Saturday, November 20, 2010

Sw-owh-llen

I've extracted my lower third molars!! :D Haha, and I did it in one session, which in retrospect, I admit, is a lil crazy. Um....and I'm happy because it's over? HAHA. I'm not healing as fast as I'd like to though- my face is still very swollen and sore, I can hardly open my mouth, and I can't chew. Still, there's no real pain which I'm thankful for. In fact, I remember the extractions of my upper first premolars ( for braces) as being more painful, but they healed a LOT faster. I do miss 'normal' food though, and am really craving a burger at the moment :S and right now, it feels like I'll never be able to eat normal food again HAHA.

But seriously, it's hard surviving on a liquid-ish diet (porridge, soups, ice creams, jellies), not just because of its taste/ texture/ palatableness, but on a purely nutritional standpoint. Haha, I threw up three times the day after my extraction because of gastritis. Finally figured out eating cream crackers (they sorta dissolve in your mouth) throughout the day, in between the other stuff, REALLY helps :) Doubt I'm still getting adequate nutrition, which makes me feel lethargic, but I really don't know what else I can eat HAHA.

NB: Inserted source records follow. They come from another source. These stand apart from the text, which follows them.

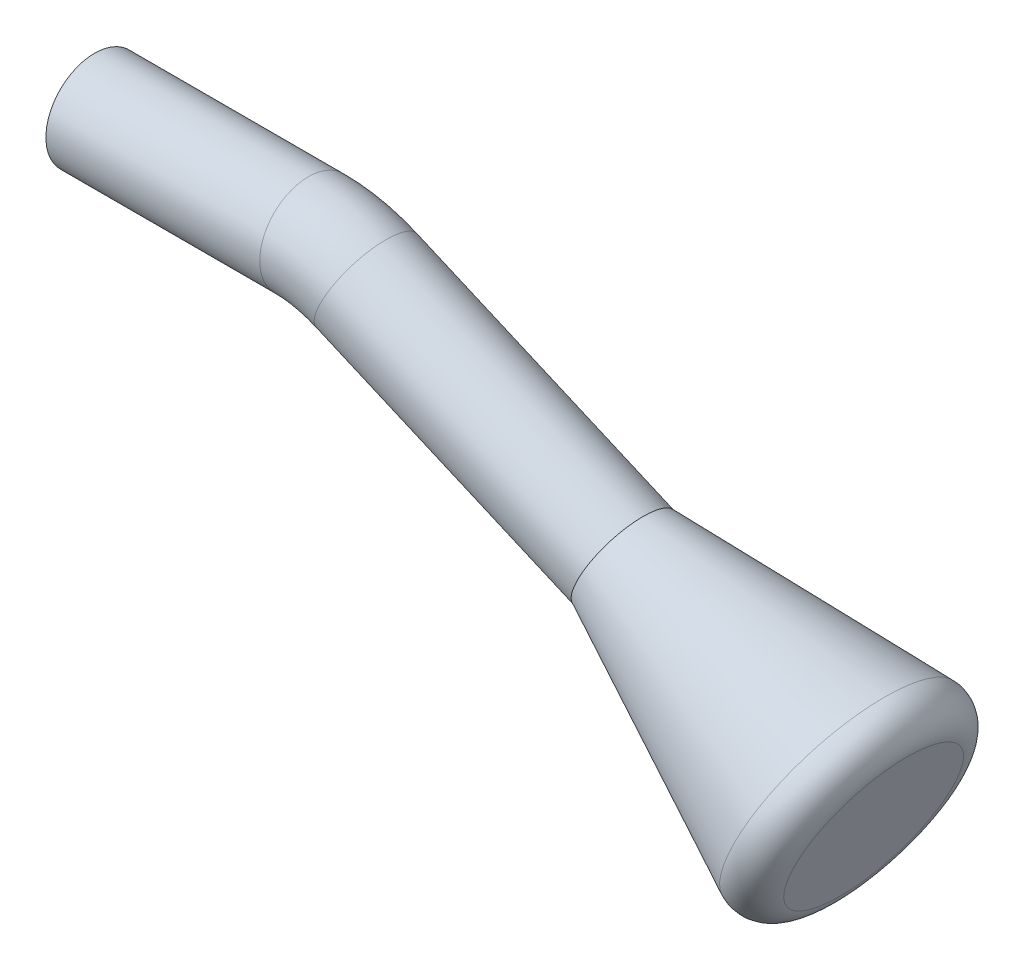
SolidWorks part; units mm, degrees
ref_plane "Спереди" through (0, 0, 0) normal (0, 0, 1) x (1, 0, 0)
ref_plane "Сверху" through (0, 0, 0) normal (0, 1, 0) x (1, 0, 0)
ref_plane "Справа" through (0, 0, 0) normal (1, 0, 0) x (0, 0, -1)
sketch "Эскиз1" plane through (0, 0, 0) normal (0, 0, 1) x (1, 0, 0)
  line L0 (0, 0) -> (21.9586, 0)
  line L1 (27.9151, -1.2334) -> (80, -23.7694)
  line L2 (27.9151, -1.2334) -> (21.9586, -15) construction
  line L3 (21.9586, -15) -> (21.9586, 0) construction
  line L4 (21.9586, 0) -> (27.9151, -1.2334) construction
  line L5 (21.9586, -15) -> (25, -0.3116) construction
  arc A0 (21.9586, 0) -> (27.9151, -1.2334) centre (21.9586, -15) cw
  point P9 (21.9586, 0)
  dimension "D1" = 15
  dimension "D2" = 25
  dimension "D3" = 80
sketch "Эскиз2" plane through (0, 0, 0) normal (1, 0, 0) x (0, 0, -1)
  circle A0 centre (0, 0) radius 5
  dimension "D1" = 10
sweep "По траектории1" add profiles "Эскиз2" path "Эскиз1"
sketch "Эскиз3" plane through (76.0476, -32.9042, 0) normal (0.9178, -0.3971, 0) x (0, 0, -1)
  circle A0 centre (0, 9.9532) radius 12.5
  circle A1 centre (0, 9.9532) radius 5 construction
  point P2 (0, 0)
  dimension "D1" = 25
extrude "Бобышка-Вытянуть1" add sketch "Эскиз3" against normal blind 30 draft 15
fillet "Скругление2" radius 3 1 edges at (84.9638, -12.2972, 0)
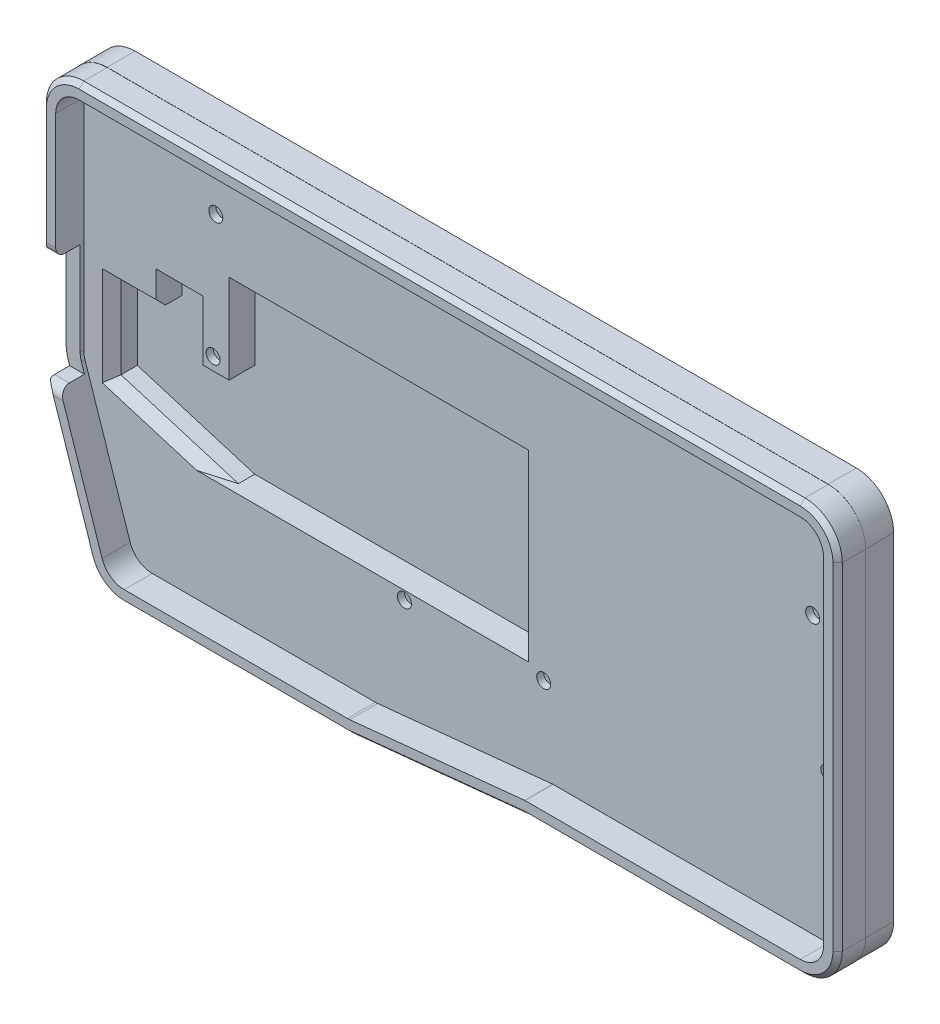
SolidWorks part; units mm, degrees
ref_plane "Front Plane" through (0, 0, 0) normal (0, 0, 1) x (1, 0, 0)
ref_plane "Top Plane" through (0, 0, 0) normal (0, 1, 0) x (1, 0, 0)
ref_plane "Right Plane" through (0, 0, 0) normal (1, 0, 0) x (0, 0, -1)
sketch "Sketch3" plane through (0, 0, 0) normal (0, 0, 1) x (1, 0, 0)
  line B0 (-83.6984, 57.4446) -> (70.5516, 57.3483)
  line B1 (78.5466, 49.3483) -> (78.5466, -22.6536)
  line B2 (70.5466, -30.6536) -> (11.7979, -30.6536)
  line B3 (11.7979, -30.6536) -> (-25.502, -34.4132)
  line B4 (-26.3043, -34.4536) -> (-74.0412, -34.4536)
  line B5 (-81.6306, -28.9834) -> (-91.2929, 0.0035)
  line B6 (-91.7034, 2.5333) -> (-91.7034, 49.4446)
  line B7 (-83.7003, 54.4446) -> (70.5497, 54.3483)
  line B8 (75.5466, 49.3483) -> (75.5466, -22.6536)
  line B9 (70.5466, -27.6536) -> (11.6974, -27.6536)
  line B10 (11.5971, -27.6586) -> (-25.8028, -31.4283)
  line B11 (-26.3043, -31.4536) -> (-74.0412, -31.4536)
  line B12 (-78.7846, -28.0347) -> (-88.4469, 0.9521)
  line B13 (-88.7034, 2.5333) -> (-88.7034, 49.4446)
  arc B14 (78.5466, 49.3483) -> (70.5516, 57.3483) centre (70.5466, 49.3483) ccw
  arc B15 (70.5466, -30.6536) -> (78.5466, -22.6536) centre (70.5466, -22.6536) ccw
  arc B16 (-26.3043, -34.4536) -> (-25.502, -34.4132) centre (-26.3043, -26.4536) ccw
  arc B17 (-81.6306, -28.9834) -> (-74.0412, -34.4536) centre (-74.0412, -26.4536) ccw
  arc B18 (-91.7034, 2.5333) -> (-91.2929, 0.0035) centre (-83.7034, 2.5333) ccw
  arc B19 (-83.6984, 57.4446) -> (-91.7034, 49.4446) centre (-83.7034, 49.4446) ccw
  arc B20 (75.5466, 49.3483) -> (70.5497, 54.3483) centre (70.5466, 49.3483) ccw
  arc B21 (70.5466, -27.6536) -> (75.5466, -22.6536) centre (70.5466, -22.6536) ccw
  arc B22 (11.6974, -27.6536) -> (11.5971, -27.6586) centre (11.6974, -28.6536) ccw
  arc B23 (-26.3043, -31.4536) -> (-25.8028, -31.4283) centre (-26.3043, -26.4536) ccw
  arc B24 (-78.7846, -28.0347) -> (-74.0412, -31.4536) centre (-74.0412, -26.4536) ccw
  arc B25 (-88.7034, 2.5333) -> (-88.4469, 0.9521) centre (-83.7034, 2.5333) ccw
  arc B26 (-83.7003, 54.4446) -> (-88.7034, 49.4446) centre (-83.7034, 49.4446) ccw
sketch_block_instance "wall_outline (2)-1"
sketch_block "wall_outline (2)"
extrude "Boss-Extrude1" add sketch "Sketch3" along normal blind 6
sketch "Sketch4" plane through (0, 0, 0) normal (0, 0, 1) x (1, 0, 0)
  line B0 (-83.7091, 57.4792) -> (70.5409, 57.3829)
  line B1 (78.5359, 49.3829) -> (78.5359, -22.619)
  line B2 (70.5359, -30.619) -> (11.7872, -30.619)
  line B3 (11.7872, -30.619) -> (-25.5126, -34.3786)
  line B4 (-26.3149, -34.419) -> (-74.0518, -34.419)
  line B5 (-81.6413, -28.9488) -> (-91.3036, 0.038)
  line B6 (-91.7141, 2.5679) -> (-91.7141, 49.4792)
  line B7 (-83.711, 54.4792) -> (70.539, 54.3829)
  line B8 (75.5359, 49.3829) -> (75.5359, -22.619)
  line B9 (70.5359, -27.619) -> (11.6867, -27.619)
  line B10 (11.5864, -27.624) -> (-25.8135, -31.3938)
  line B11 (-26.3149, -31.419) -> (-74.0518, -31.419)
  line B12 (-78.7953, -28.0001) -> (-88.4575, 0.9867)
  line B13 (-88.7141, 2.5679) -> (-88.7141, 49.4792)
  arc B14 (78.5359, 49.3829) -> (70.5409, 57.3829) centre (70.5359, 49.3829) ccw
  arc B15 (70.5359, -30.619) -> (78.5359, -22.619) centre (70.5359, -22.619) ccw
  arc B16 (-26.3149, -34.419) -> (-25.5126, -34.3786) centre (-26.3149, -26.419) ccw
  arc B17 (-81.6413, -28.9488) -> (-74.0518, -34.419) centre (-74.0518, -26.419) ccw
  arc B18 (-91.7141, 2.5679) -> (-91.3036, 0.038) centre (-83.7141, 2.5679) ccw
  arc B19 (-83.7091, 57.4792) -> (-91.7141, 49.4792) centre (-83.7141, 49.4792) ccw
  arc B20 (75.5359, 49.3829) -> (70.539, 54.3829) centre (70.5359, 49.3829) ccw
  arc B21 (70.5359, -27.619) -> (75.5359, -22.619) centre (70.5359, -22.619) ccw
  arc B22 (11.6867, -27.619) -> (11.5864, -27.624) centre (11.6867, -28.619) ccw
  arc B23 (-26.3149, -31.419) -> (-25.8135, -31.3938) centre (-26.3149, -26.419) ccw
  arc B24 (-78.7953, -28.0001) -> (-74.0518, -31.419) centre (-74.0518, -26.419) ccw
  arc B25 (-88.7141, 2.5679) -> (-88.4575, 0.9867) centre (-83.7141, 2.5679) ccw
  arc B26 (-83.711, 54.4792) -> (-88.7141, 49.4792) centre (-83.7141, 49.4792) ccw
  circle B27 centre (-60.4641, 41.881) radius 1
  circle B28 centre (-61.0341, 15.281) radius 1
  circle B29 centre (-20.1141, -9.419) radius 1
  circle B30 centre (9.6859, -9.419) radius 1
  circle B31 centre (70.4859, 3.881) radius 1
  circle B32 centre (67.2159, 31.431) radius 1
sketch_block_instance "wall_outline (3)-1"
sketch_block "wall_outline (3)"
extrude "Boss-Extrude2" add sketch "Sketch4" against normal blind 6 contours B7 B26 B13 B25 B12 B24 B11 B23 B10 B22 B9 B21 B8 B20 B32 B31 B30 B29 B28 B27 | B0 B19 B6 B18 B5 B17 B4 B16 B3 B2 B15 B1 B14 B26 B7 B20 B8 B21 B9 B22 B10 B23 B11 B24 B12 B25 B13 region at (-6.5853, 55.4963, 0) region at (-6.5032, 12.8796, 0)
sketch "Sketch5" plane through (0, 0, 0) normal (0, 0, 1) x (1, 0, 0)
  line L1 (-57.625, 35.0163) -> (6.3958, 35.0163)
  line L2 (-57.625, 35.0163) -> (-57.625, -7.6057)
  line L3 (-57.625, -7.6057) -> (6.3958, -7.6057)
  line L4 (6.3958, 35.0163) -> (6.3958, -7.6057)
  line L5 (-76.0419, 12.5652) -> (-50.0828, 12.5652)
  line L6 (-76.0419, 12.5652) -> (-76.0419, -1.6421)
  line L7 (-76.0419, -1.6421) -> (-50.0828, -1.6421)
  line L8 (-50.0828, 12.5652) -> (-50.0828, -1.6421)
extrude "Cut-Extrude2" cut sketch "Sketch5" against normal blind 5.5 contours L6 L7 L2 L5 | L8 L5 L2 L7 | L5 L8 L7 L2 L3 L4 L1 region at (-24.4603, 14.0423, 0) region at (-53.8539, 5.4615, 0) region at (-66.8334, 5.4615, 0)
sketch "Sketch6" plane through (0, 0, -6) normal (0, 0, -1) x (-1, 0, 0)
  circle A0 centre (-67.2159, 31.431) radius 1
  circle A1 centre (-70.4859, 3.881) radius 1
  circle A2 centre (-9.6859, -9.419) radius 1
  circle A3 centre (20.1141, -9.419) radius 1
  circle A4 centre (61.0341, 15.281) radius 1
  circle A5 centre (60.4641, 41.881) radius 1
extrude "Boss-Extrude3" add sketch "Sketch6" against normal blind 5.5
sketch "Sketch7" plane through (0, 0, 0) normal (0, 0, 1) x (1, 0, 0)
  circle A0 centre (-60.4641, 41.881) radius 1.5
  circle A1 centre (-61.0341, 15.281) radius 1.5
  circle A2 centre (-20.1141, -9.419) radius 1.5
  circle A3 centre (9.6859, -9.419) radius 1.5
  circle A7 centre (70.4859, 3.881) radius 1.5
  circle A8 centre (67.2159, 31.431) radius 1.5
extrude "Cut-Extrude3" cut sketch "Sketch7" against normal blind 1.5
sketch "Sketch8" plane through (0, 0, -6) normal (0, 0, -1) x (-1, 0, 0)
  line L0 (-70.5359, 49.3829) -> (-70.5359, -22.1639)
  line L1 (-70.5359, 49.3829) -> (83.7595, 49.3829)
  line L2 (-70.5359, -22.1639) -> (73.5863, -25.6718)
  circle A0 centre (-70.5359, 49.3829) radius 6
  circle A1 centre (-70.5359, -22.1639) radius 6
  circle A2 centre (83.7595, 49.3829) radius 6
  circle A3 centre (73.5863, -25.6718) radius 6
extrude "Cut-Extrude4" cut sketch "Sketch8" against normal blind 2.5 contours L1 A0 L0 | L0 A0 L1 | L0 A1 L2 | L2 A1 L0 | A3 | A2 region at (67.9894, 46.8364, -6) region at (71.3847, 50.2317, -6) region at (-73.6572, -19.842, -6) region at (67.9672, -19.657, -6) region at (71.4099, -23.0168, -6) region at (-83.7595, 55.2132, -6)
chamfer "Chamfer1" distance 1 angle 45 13 edges at (-78.7188, -32.9435, 6) (-86.4618, -14.49, 6) (-91.6001, 1.2518, 6) (-91.7034, 25.9889, 6) (-89.3585, 55.1032, 6) (-6.5734, 57.3964, 6) (76.2052, 55.0034, 6) (78.5466, 13.3474, 6) (76.2034, -28.3104, 6) (41.1722, -30.6536, 6) (-6.852, -32.5334, 6) (-25.9026, -34.4435, 6) (-50.1727, -34.4536, 6)
sketch "Sketch9" plane through (0.0358, 57.3923, 0) normal (0.0006, 1, 0) x (1, -0.0006, 0)
  line L1 (-81.193, -1.1526) -> (-62.3001, -1.1526)
  line L2 (-81.193, -1.1526) -> (-81.193, -7.0139)
  line L3 (-81.193, -7.0139) -> (-62.3001, -7.0139)
  line L4 (-62.3001, -1.1526) -> (-62.3001, -7.0139)
sketch "Sketch10" plane through (-91.7034, 0, 0) normal (-1, 0, 0) x (0, 0, 1)
  line L1 (0.7673, 22.5231) -> (7.4616, 22.5231)
  line L2 (0.7673, 22.5231) -> (0.7673, -1.0256)
  line L3 (0.7673, -1.0256) -> (7.4616, -1.0256)
  line L4 (7.4616, 22.5231) -> (7.4616, -1.0256)
  point P4 (7.4616, -1.0256)
extrude "Cut-Extrude6" cut sketch "Sketch10" against normal blind 5
fillet "Fillet2" radius 2 2 edges at (-88.8417, -1.0256, 6) (-89.7034, 22.5231, 6)
sketch "Sketch11" plane through (0, 0, 0) normal (0, 0, 1) x (1, 0, 0)
  line L1 (-73.2355, 25.3693) -> (-63.2377, 25.3693)
  line L2 (-73.2355, 25.3693) -> (-73.2355, 9.408)
  line L3 (-73.2355, 9.408) -> (-63.2377, 9.408)
  line L4 (-63.2377, 25.3693) -> (-63.2377, 9.408)
extrude "Cut-Extrude7" cut sketch "Sketch11" against normal blind 5.5
sketch "Sketch12" plane through (0, 0, -5.5) normal (0, 0, 1) x (1, 0, 0)
  line L0 (6.3958, 35.0163) -> (6.3958, -7.6057) construction
  line L1 (-57.625, 35.0163) -> (6.3958, 35.0163)
  line L2 (-57.625, 35.0163) -> (-57.625, 31.6402)
  line L3 (-57.625, 31.6402) -> (6.3958, 31.6402)
  line L4 (6.3958, 35.0163) -> (6.3958, 31.6402)
extrude "Boss-Extrude4" add sketch "Sketch12" along normal blind 5.5
sketch "Sketch13" plane through (0, 0, 0) normal (0, 0, 1) x (1, 0, 0)
  line L0 (-82.7449, 0) -> (-57.625, -7.6057)
  line L1 (-57.625, -7.6057) -> (-82.7449, 0)
  line L2 (-82.7449, 0) -> (-82.7449, 17.6789)
  line L3 (-82.7449, 17.6789) -> (-68.4274, 17.6789)
  line L4 (-68.4274, 17.6789) -> (-51.1131, -1.3002)
  line L5 (-51.1131, -1.3002) -> (-57.625, -7.6057)
  line M5 (-57.625, -7.6057) -> (-57.625, -1.6421)
  line M6 (-57.625, -1.6421) -> (-76.0419, -1.6421)
  line M7 (-76.0419, -1.6421) -> (-76.0419, 12.5652)
  line M8 (-76.0419, 12.5652) -> (-73.2355, 12.5652)
  line M9 (-73.2355, 12.5652) -> (-73.2355, 25.3693)
extrude "Cut-Extrude8" cut sketch "Sketch13" against normal blind 5.5 contours L3 L2 L0 M5 M6 M7 M8 M9 region at (-82.3885, 8.8394, 0)
chamfer "Chamfer2" distance 2 angle 45 1 edges at (-82.7449, 8.8394, 0)
chamfer "Chamfer3" distance 2 angle 45 1 edges at (-78.9902, 17.6789, 0)
chamfer "Chamfer4" distance 2 angle 45 1 edges at (-71.1849, -3.5001, 0)

Haha, re-reading this, it actually sounds so bad, but really, it's not THAT bad. It could be worse. I just really hate having a swollen face haha. It makes me feel so....big. And I have this irrational fear the swelling will never go down. But I *think* that's just me being neurotic. On the bright side, I'm glad I extracted both the lower thirds together. Haha, after going through one extraction, I would probably have been really reluctant to go through another extraction on a separate day. It wasn't really painful, but the procedure just took so long, and it was uncomfortable. I had oral sedation though, which I had to get from a hospital. It was basically diazepam, and er, I found out diazepam doesn't really have much of an effect on me haha. I can't really remember what we learnt from dr. Aichike's lecture, but according to the dentist, it was supposed to me make sorta drowsy and less conscious of the whole procedure. And er, I could still feel the dentist cutting up my tooth, and picking out the pieces. Especially the last bit of tooth-I sorta felt the root being pulled away from the alveolar bone, but it didn't hurt!! Gooooo LA! :DDD

Oh, my occlusion has also temporarily changed for now too. From what I've been reading online, it's normal. Haha, I also have a pretty big bruise on me left jaw- it looks like I got socked by someone LOL! Would totally post up a pick of myself, but this post was done entirely on an iPad, and it's just too bothersome to transfer a pic into the iPad to post it. And yes, this isn't the most coherent post I've written, and if I'm contradictory and whiny, just blame it on the meds :) I'm on quite a bit. Wish me luck for a speedier recovery! <3

Monday, November 1, 2010

Time

Just felt like updating :))) Haha, today feels like a happy day, but with a tinge of underlying sadness- does that make sense? I was just calculating how long i have left in malaysia, and i realised i won't be in malaysia for more than 2 weeks at a time, from now on. It's more like 3 separate one week stretches :O And during that time, i'll be working for 3 days (i know 3 days isn't a long time, but i'm beginning to feel like every day counts!), getting my lower wisdom teeth extracted (and apparently i shouldn't really fly for a week after the extraction- i never knew....or rather it sorta sounds familiar, but i guess i forgot? At any rate, it presents a huge logistics problem for me.) AND recuperating from it during that time as well. Apart from that, i'll have to finish sorting out all my stuff, buy/get all the things i need/want to bring over and pack it all in without exceeding the weight limit FML haha. Yeah, i know i haven't used FML for awhile, but i haven't really felt the need to use it these past few months. Until now.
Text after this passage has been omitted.